Autoevals Integration Plan

npm install autoevals → 12 custom judges → npm run eval

How autoevals works

Autoevals provides LLMClassifierFromTemplate — you give it a prompt template with {{input}} / {{output}} / {{expected}} slots and choice scores, it calls any OpenAI-compatible API and returns a 0-1 score. Our CF Workers AI endpoint is OpenAI-compatible. So:

// Point autoevals at CF Workers AI
import OpenAI from "openai";
import { init } from "autoevals";
const client = new OpenAI({
  baseURL: `https://api.cloudflare.com/client/v4/accounts/${ACCOUNT}/ai/v1`,
  apiKey: getLiveCfToken(),
});
init({ client });
// Or point at Anthropic for independent judging
const anthropicClient = new OpenAI({
  baseURL: "https://api.anthropic.com/v1",
  apiKey: process.env.ANTHROPIC_API_KEY,
});

File structure

seeds-link/
├── src/lib/eval/
│   ├── judges.ts          ← 12 judge prompts as LLMClassifierFromTemplate configs
│   ├── runner.ts          ← fetch seeds → conjugate → judge → aggregate
│   └── report.ts          ← terminal scorecard + JSON output
├── eval/
│   ├── thresholds.json    ← minimum scores per judge (CI gate)
│   └── results/           ← timestamped JSON results (gitignored)
├── scripts/
│   └── eval.ts            ← CLI entry point
└── package.json           ← "eval": "npx tsx scripts/eval.ts"
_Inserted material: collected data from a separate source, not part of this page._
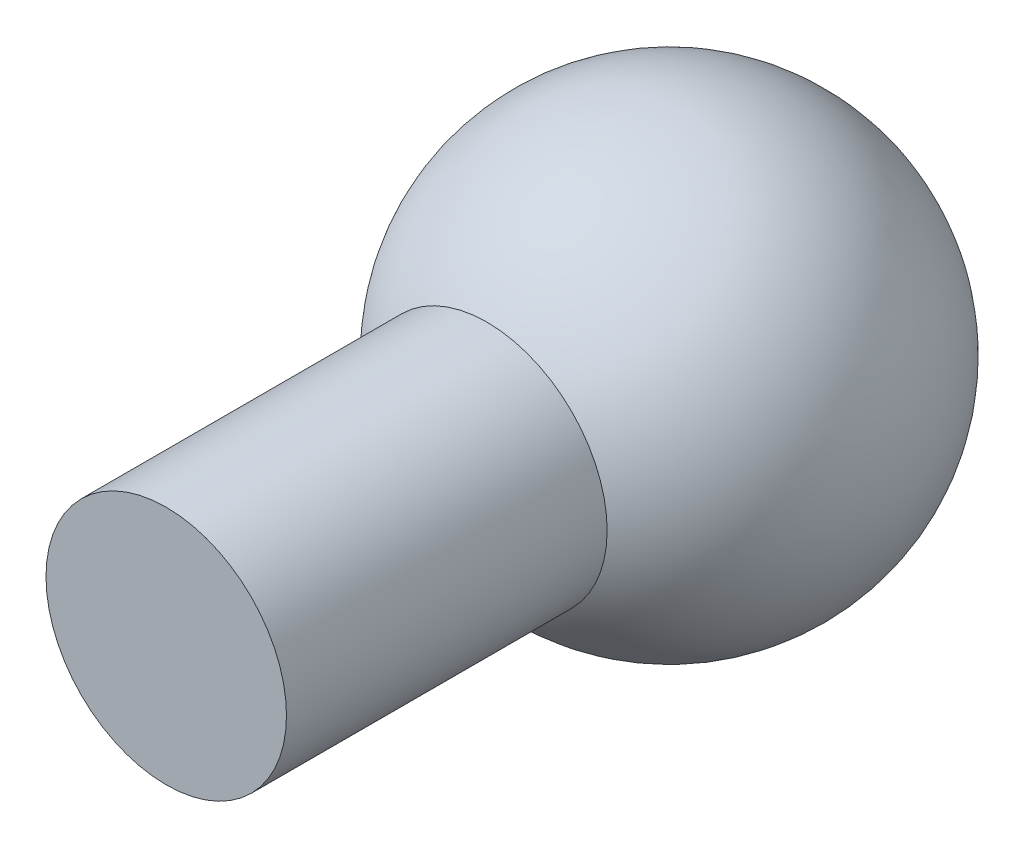
ISO-10303-21;
HEADER;
FILE_DESCRIPTION(('STEP AP214'),'2;1');
FILE_NAME('part.step','',(''),(''),'','','');
FILE_SCHEMA(('AUTOMOTIVE_DESIGN { 1 0 10303 214 1 1 1 1 }'));
ENDSEC;
DATA;
#1=APPLICATION_CONTEXT('core data for automotive mechanical design processes');
#2=APPLICATION_PROTOCOL_DEFINITION('international standard','automotive_design',2000,#1);
#3=PRODUCT_CONTEXT('',#1,'mechanical');
#4=PRODUCT('Part','Part','',(#3));
#5=PRODUCT_RELATED_PRODUCT_CATEGORY('part','',(#4));
#6=PRODUCT_DEFINITION_FORMATION('','',#4);
#7=PRODUCT_DEFINITION_CONTEXT('part definition',#1,'design');
#8=PRODUCT_DEFINITION('design','',#6,#7);
#9=PRODUCT_DEFINITION_SHAPE('','',#8);
#10=(LENGTH_UNIT() NAMED_UNIT(*) SI_UNIT(.MILLI.,.METRE.));
#11=(NAMED_UNIT(*) PLANE_ANGLE_UNIT() SI_UNIT($,.RADIAN.));
#12=(NAMED_UNIT(*) SI_UNIT($,.STERADIAN.) SOLID_ANGLE_UNIT());
#13=UNCERTAINTY_MEASURE_WITH_UNIT(LENGTH_MEASURE(1.E-05),#10,'distance_accuracy_value','');
#14=(GEOMETRIC_REPRESENTATION_CONTEXT(3) GLOBAL_UNCERTAINTY_ASSIGNED_CONTEXT((#13)) GLOBAL_UNIT_ASSIGNED_CONTEXT((#10,
#11,#12)) REPRESENTATION_CONTEXT('',''));
#15=CARTESIAN_POINT('',(0.,0.,0.));
#16=DIRECTION('',(0.,0.,1.));
#17=DIRECTION('',(1.,0.,0.));
#18=AXIS2_PLACEMENT_3D('',#15,#16,#17);
#19=CARTESIAN_POINT('',(0.,0.,4.));
#20=DIRECTION('',(0.,0.,-1.));
#21=DIRECTION('',(-1.,0.,0.));
#22=AXIS2_PLACEMENT_3D('',#19,#20,#21);
#23=CYLINDRICAL_SURFACE('',#22,1.5);
#24=CARTESIAN_POINT('',(0.,0.,4.));
#25=DIRECTION('',(0.,0.,1.));
#26=DIRECTION('',(1.,0.,0.));
#27=AXIS2_PLACEMENT_3D('',#24,#25,#26);
#28=CIRCLE('',#27,1.5);
#29=CARTESIAN_POINT('',(1.5,0.,4.));
#30=VERTEX_POINT('',#29);
#31=EDGE_CURVE('E10',#30,#30,#28,.T.);
#32=ORIENTED_EDGE('',*,*,#31,.F.);
#33=EDGE_LOOP('',(#32));
#34=FACE_BOUND('',#33,.T.);
#35=CARTESIAN_POINT('',(0.,0.,0.));
#36=DIRECTION('',(0.,0.,1.));
#37=DIRECTION('',(1.,0.,0.));
#38=AXIS2_PLACEMENT_3D('',#35,#36,#37);
#39=CIRCLE('',#38,1.5);
#40=CARTESIAN_POINT('',(1.5,0.,0.));
#41=VERTEX_POINT('',#40);
#42=EDGE_CURVE('E35',#41,#41,#39,.T.);
#43=ORIENTED_EDGE('',*,*,#42,.T.);
#44=EDGE_LOOP('',(#43));
#45=FACE_BOUND('',#44,.T.);
#46=ADVANCED_FACE('F31',(#34,#45),#23,.T.);
#47=CARTESIAN_POINT('',(0.,0.,4.));
#48=DIRECTION('',(0.,0.,1.));
#49=DIRECTION('',(1.,0.,0.));
#50=AXIS2_PLACEMENT_3D('',#47,#48,#49);
#51=PLANE('',#50);
#52=ORIENTED_EDGE('',*,*,#31,.T.);
#53=EDGE_LOOP('',(#52));
#54=FACE_BOUND('',#53,.T.);
#55=ADVANCED_FACE('F46',(#54),#51,.T.);
#56=CARTESIAN_POINT('',(0.,0.,-2.275));
#57=DIRECTION('',(0.,0.,1.));
#58=DIRECTION('',(1.,0.,0.));
#59=AXIS2_PLACEMENT_3D('',#56,#57,#58);
#60=SPHERICAL_SURFACE('',#59,2.725);
#61=ORIENTED_EDGE('',*,*,#42,.F.);
#62=EDGE_LOOP('',(#61));
#63=FACE_BOUND('',#62,.T.);
#64=ADVANCED_FACE('F33',(#63),#60,.T.);
#65=CLOSED_SHELL('',(#46,#55,#64));
#66=MANIFOLD_SOLID_BREP('B2',#65);
#67=ADVANCED_BREP_SHAPE_REPRESENTATION('',(#18,#66),#14);
#68=SHAPE_DEFINITION_REPRESENTATION(#9,#67);
ENDSEC;
END-ISO-10303-21;

Each judge as an autoevals scorer

Our 12 judges become LLMClassifierFromTemplate instances. Example for Contract Independence:

import { LLMClassifierFromTemplate } from "autoevals";
export const contractIndependence = LLMClassifierFromTemplate({
  name: "ContractIndependence",
  promptTemplate: `You judge whether a seed's contract is a
    genuine world-state assertion or just a restatement...
    SEED PROMPT: {{input}}
    CONTRACT: {{output}}
    Score A (independent) or B (parroting)`,
  choiceScores: { A: 1, B: 0 },
  useCoT: true,
});

Note: autoevals uses A/B/C/D choice classification, not 0-10 numeric. We'd adapt our judges to binary or multi-choice format, which is actually more reliable — LLMs are better at classification than numeric scoring.

The 12 judges, adapted

Judge	Evaluates	Format
Seed Value	prompt	A=valuable / B=obvious to model
Prompt Specificity	prompt	A=specific / B=vague
Contract Independence	conjugation	A=independent / B=parroting
Contract Concreteness	conjugation	A=concrete / B=abstract
Navigability	conjugation	A=testable / B=untestable
Token Density	conjugation	A=dense / B=padded
Slug Compression	conjugation	A=3 axes / B=overlapping
Distinctiveness	conjugation	A=unique / B=confusable
Grammar	conjugation	A=correct / B=errors
Referential Clarity	conjugation	A=self-contained / B=assumes context
Parent-Child Coherence	conjugation	A=coherent / B=mismatch
Verification Accuracy	conjugation	A=correct calls / B=false reject/pass

CLI output

$ npm run eval
🌱 seed.show eval — 16 seeds, 12 judges
Model: @cf/openai/gpt-oss-120b | Judge: claude-sonnet-4
gmail.api.ready          ✓ slug=gmail.auth.check
gmail.inbox.health       ✓ slug=gmail.inbox.health
...
═══════════════════════════════════════
Seed Value:             87% pass
Prompt Specificity:      93% pass
Contract Independence:   25% pass
Contract Concreteness:   93% pass
...
Results → eval/results/2026-04-06T03:18.json

Implementation steps

npm install autoevals openai (openai is a peer dep)
Write src/lib/eval/judges.ts — 12 LLMClassifierFromTemplate configs
Write src/lib/eval/runner.ts — fetch seeds from API, conjugate, run judges, aggregate
Write src/lib/eval/report.ts — terminal formatting + JSON serialization
Write scripts/eval.ts — CLI entry point with flags (--slug, --self-judge, --ci, --html)
Add "eval": "npx tsx scripts/eval.ts" to package.json
Create eval/thresholds.json with minimum pass rates per judge
Test: npm run eval should produce the same scorecard we've been getting from LangFuse

What we keep from LangFuse

Nothing runtime. LangFuse stays as a historical reference (all our past experiments are there) but the active development loop moves to npm run eval. If we ever want to push results back to LangFuse for comparison, we can add a --langfuse flag later.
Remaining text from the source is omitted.